#### [Items from a data source]
···

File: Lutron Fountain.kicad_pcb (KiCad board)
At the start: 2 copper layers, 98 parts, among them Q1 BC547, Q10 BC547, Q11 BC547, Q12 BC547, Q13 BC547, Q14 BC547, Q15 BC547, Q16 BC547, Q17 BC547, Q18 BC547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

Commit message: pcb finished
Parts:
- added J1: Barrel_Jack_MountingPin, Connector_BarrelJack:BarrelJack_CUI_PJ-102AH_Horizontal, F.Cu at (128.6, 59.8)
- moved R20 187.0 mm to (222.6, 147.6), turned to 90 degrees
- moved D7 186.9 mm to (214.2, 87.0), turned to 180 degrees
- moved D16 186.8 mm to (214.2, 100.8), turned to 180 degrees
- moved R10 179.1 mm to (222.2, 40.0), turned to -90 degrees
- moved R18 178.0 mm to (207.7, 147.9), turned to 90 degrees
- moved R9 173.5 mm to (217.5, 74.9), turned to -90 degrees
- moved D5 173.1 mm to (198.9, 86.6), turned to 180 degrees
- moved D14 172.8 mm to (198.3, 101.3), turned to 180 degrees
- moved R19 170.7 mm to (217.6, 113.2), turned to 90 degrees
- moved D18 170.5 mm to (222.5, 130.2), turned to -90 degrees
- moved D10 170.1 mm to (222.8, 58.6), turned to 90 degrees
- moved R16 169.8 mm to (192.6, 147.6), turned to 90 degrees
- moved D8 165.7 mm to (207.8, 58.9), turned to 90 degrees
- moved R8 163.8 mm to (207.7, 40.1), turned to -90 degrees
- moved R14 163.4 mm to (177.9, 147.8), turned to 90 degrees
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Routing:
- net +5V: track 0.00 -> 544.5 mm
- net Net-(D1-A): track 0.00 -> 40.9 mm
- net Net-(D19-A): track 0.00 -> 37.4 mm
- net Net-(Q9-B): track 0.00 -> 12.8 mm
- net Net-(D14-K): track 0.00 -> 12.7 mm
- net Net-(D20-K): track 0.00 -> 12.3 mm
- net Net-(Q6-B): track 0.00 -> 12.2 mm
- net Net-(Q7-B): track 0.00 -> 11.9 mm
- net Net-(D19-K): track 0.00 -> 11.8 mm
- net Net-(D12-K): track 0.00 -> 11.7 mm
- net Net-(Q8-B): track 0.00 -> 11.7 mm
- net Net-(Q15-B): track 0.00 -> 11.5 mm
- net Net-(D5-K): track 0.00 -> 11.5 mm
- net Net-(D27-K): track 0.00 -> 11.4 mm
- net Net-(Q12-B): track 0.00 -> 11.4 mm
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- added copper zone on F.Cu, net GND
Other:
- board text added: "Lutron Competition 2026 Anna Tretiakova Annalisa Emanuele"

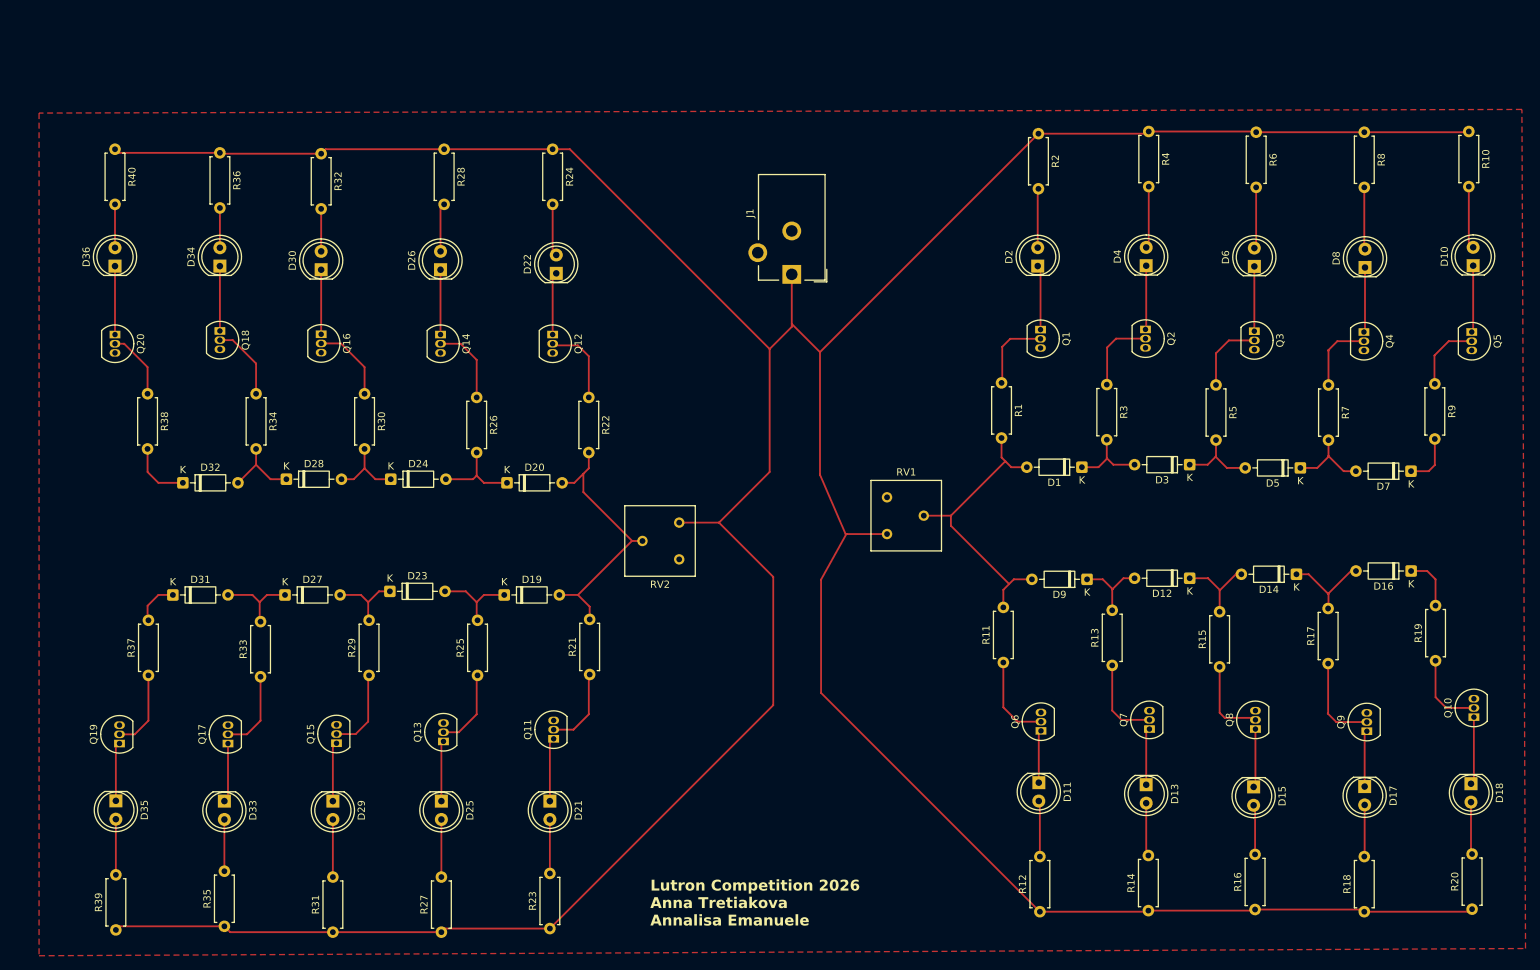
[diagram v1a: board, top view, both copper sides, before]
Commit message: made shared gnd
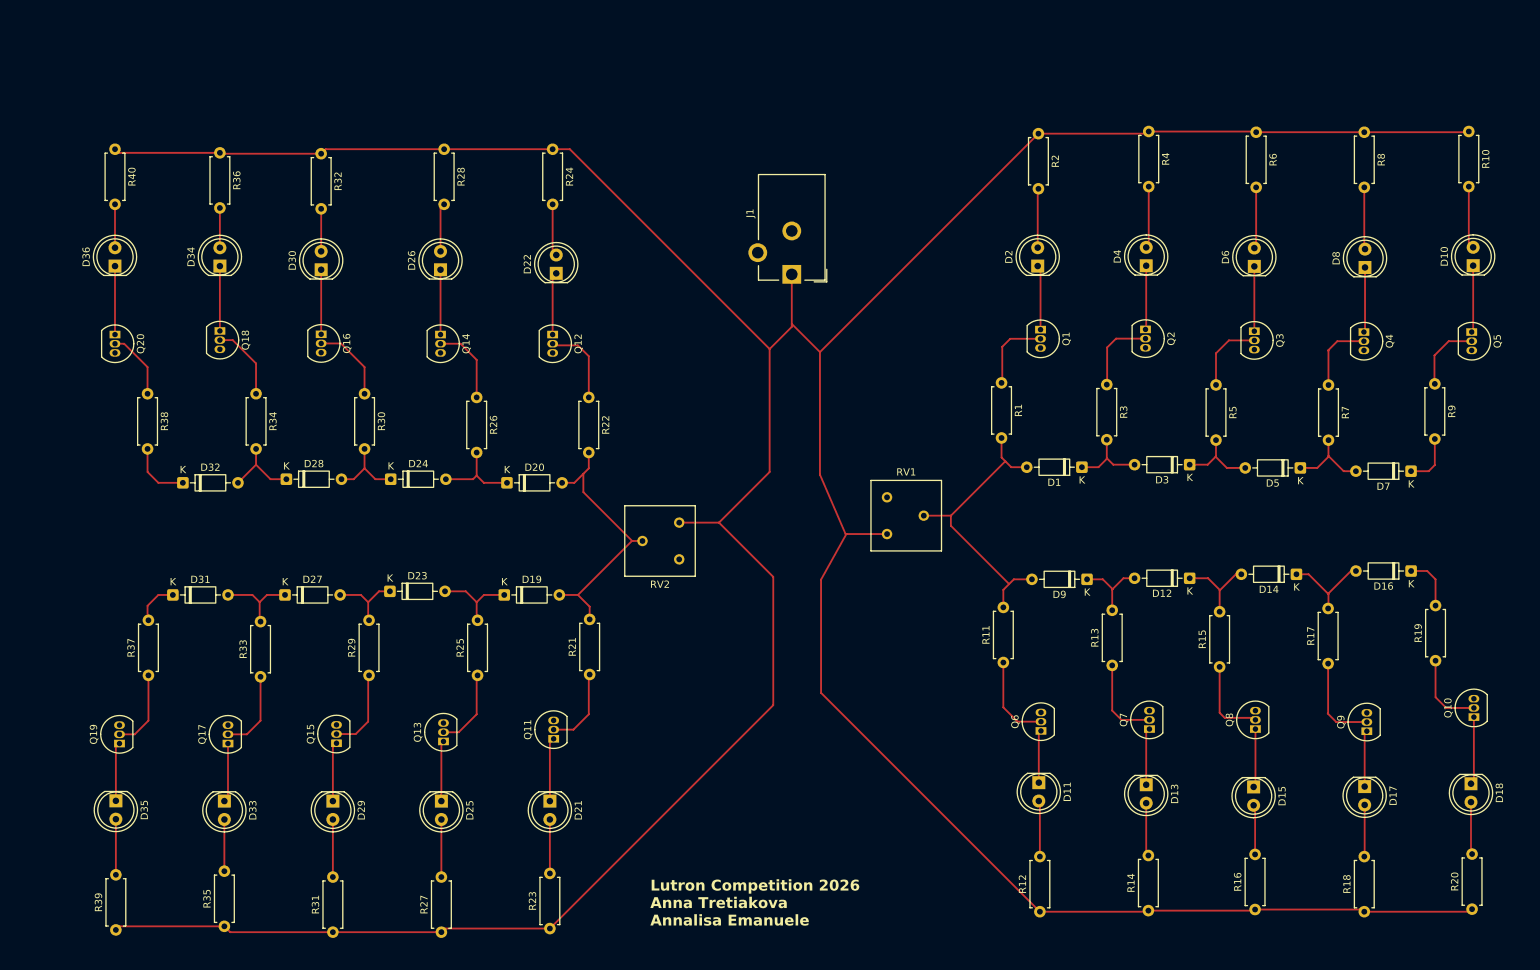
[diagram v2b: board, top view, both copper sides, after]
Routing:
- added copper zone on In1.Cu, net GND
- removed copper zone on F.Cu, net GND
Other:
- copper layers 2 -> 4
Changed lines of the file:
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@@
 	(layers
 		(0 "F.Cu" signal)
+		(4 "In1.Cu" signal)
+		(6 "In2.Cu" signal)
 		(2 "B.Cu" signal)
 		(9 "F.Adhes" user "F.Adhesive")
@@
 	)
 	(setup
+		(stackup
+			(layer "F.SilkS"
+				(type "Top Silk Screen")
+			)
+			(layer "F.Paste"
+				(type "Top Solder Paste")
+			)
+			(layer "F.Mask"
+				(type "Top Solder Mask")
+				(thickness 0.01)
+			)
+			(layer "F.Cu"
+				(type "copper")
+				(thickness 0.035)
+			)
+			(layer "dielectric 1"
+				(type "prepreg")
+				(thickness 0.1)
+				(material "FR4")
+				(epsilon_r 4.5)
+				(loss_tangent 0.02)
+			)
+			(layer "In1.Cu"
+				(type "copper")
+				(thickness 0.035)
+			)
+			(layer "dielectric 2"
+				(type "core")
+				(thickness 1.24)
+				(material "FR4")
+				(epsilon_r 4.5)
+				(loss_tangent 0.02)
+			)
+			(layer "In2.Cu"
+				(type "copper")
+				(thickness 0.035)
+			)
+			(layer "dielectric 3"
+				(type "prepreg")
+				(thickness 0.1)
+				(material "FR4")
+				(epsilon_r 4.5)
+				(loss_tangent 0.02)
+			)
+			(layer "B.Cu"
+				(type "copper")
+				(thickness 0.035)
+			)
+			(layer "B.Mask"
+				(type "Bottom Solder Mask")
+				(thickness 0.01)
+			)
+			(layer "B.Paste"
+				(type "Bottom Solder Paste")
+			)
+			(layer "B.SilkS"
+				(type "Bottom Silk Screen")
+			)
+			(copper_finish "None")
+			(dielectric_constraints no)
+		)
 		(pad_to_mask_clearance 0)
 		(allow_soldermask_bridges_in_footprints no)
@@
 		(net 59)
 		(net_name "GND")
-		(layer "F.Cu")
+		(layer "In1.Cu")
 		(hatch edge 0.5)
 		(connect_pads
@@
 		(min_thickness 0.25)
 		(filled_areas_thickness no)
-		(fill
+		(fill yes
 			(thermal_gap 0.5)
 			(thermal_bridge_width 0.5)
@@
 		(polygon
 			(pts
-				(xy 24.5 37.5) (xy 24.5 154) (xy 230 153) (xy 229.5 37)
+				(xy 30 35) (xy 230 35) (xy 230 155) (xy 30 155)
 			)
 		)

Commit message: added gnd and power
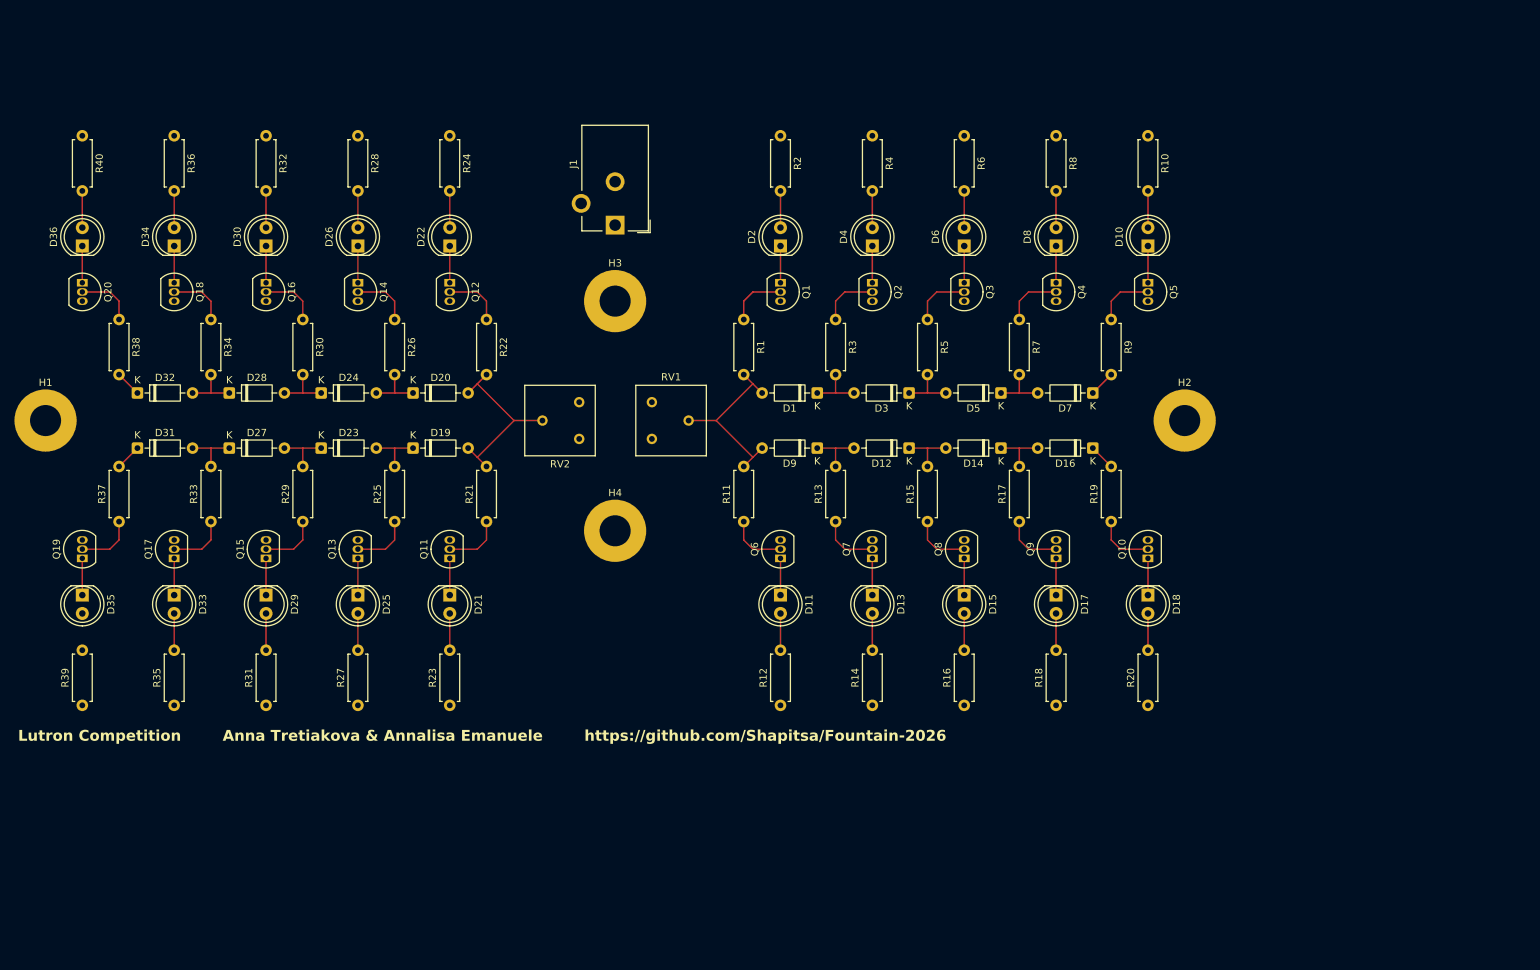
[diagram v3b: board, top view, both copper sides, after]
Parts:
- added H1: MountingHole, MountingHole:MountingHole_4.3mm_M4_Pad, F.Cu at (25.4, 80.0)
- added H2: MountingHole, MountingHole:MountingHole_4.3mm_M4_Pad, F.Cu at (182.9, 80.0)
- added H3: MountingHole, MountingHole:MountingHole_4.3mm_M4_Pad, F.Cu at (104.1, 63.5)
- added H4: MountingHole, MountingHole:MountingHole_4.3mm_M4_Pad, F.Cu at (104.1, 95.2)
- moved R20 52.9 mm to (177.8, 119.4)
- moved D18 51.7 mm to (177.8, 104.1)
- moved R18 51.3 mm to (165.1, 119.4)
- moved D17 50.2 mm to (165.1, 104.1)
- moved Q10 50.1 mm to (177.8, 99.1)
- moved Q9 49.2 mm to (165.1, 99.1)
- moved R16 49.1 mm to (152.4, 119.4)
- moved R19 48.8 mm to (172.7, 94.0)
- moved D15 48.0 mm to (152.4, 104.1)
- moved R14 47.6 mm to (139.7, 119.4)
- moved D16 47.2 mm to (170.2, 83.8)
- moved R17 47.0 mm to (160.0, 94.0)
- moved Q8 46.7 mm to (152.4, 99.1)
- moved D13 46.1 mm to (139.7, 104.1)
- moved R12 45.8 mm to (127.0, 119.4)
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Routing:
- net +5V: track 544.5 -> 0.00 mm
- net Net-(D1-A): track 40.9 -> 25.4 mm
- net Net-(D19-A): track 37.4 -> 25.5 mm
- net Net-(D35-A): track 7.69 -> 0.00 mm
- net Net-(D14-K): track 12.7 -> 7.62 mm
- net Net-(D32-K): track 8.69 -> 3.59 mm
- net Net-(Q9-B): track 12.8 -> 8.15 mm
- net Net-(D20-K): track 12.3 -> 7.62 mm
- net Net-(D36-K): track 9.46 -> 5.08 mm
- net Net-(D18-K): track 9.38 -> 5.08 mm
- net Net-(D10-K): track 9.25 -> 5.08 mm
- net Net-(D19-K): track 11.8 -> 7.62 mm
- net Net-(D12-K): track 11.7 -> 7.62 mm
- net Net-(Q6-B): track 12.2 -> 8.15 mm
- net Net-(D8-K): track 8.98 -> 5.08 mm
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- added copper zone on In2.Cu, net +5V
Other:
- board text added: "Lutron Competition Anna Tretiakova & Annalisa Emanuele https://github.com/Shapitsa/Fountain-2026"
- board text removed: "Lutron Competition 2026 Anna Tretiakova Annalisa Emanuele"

···

#### [ABOUT THIS TASK]
Reproduce exactly the line bearing "- net Net-(D32-K): track 8.69 -> 3.59 mm" and all the lines that come after it in the records above; add nothing.

#### [OUTPUT]
- net Net-(D32-K): track 8.69 -> 3.59 mm
- net Net-(Q9-B): track 12.8 -> 8.15 mm
- net Net-(D20-K): track 12.3 -> 7.62 mm
- net Net-(D36-K): track 9.46 -> 5.08 mm
- net Net-(D18-K): track 9.38 -> 5.08 mm
- net Net-(D10-K): track 9.25 -> 5.08 mm
- net Net-(D19-K): track 11.8 -> 7.62 mm
- net Net-(D12-K): track 11.7 -> 7.62 mm
- net Net-(Q6-B): track 12.2 -> 8.15 mm
- net Net-(D8-K): track 8.98 -> 5.08 mm
- added copper zone on In2.Cu, net +5V
Other:
- board text added: "Lutron Competition Anna Tretiakova & Annalisa Emanuele https://github.com/Shapitsa/Fountain-2026"
- board text removed: "Lutron Competition 2026 Anna Tretiakova Annalisa Emanuele"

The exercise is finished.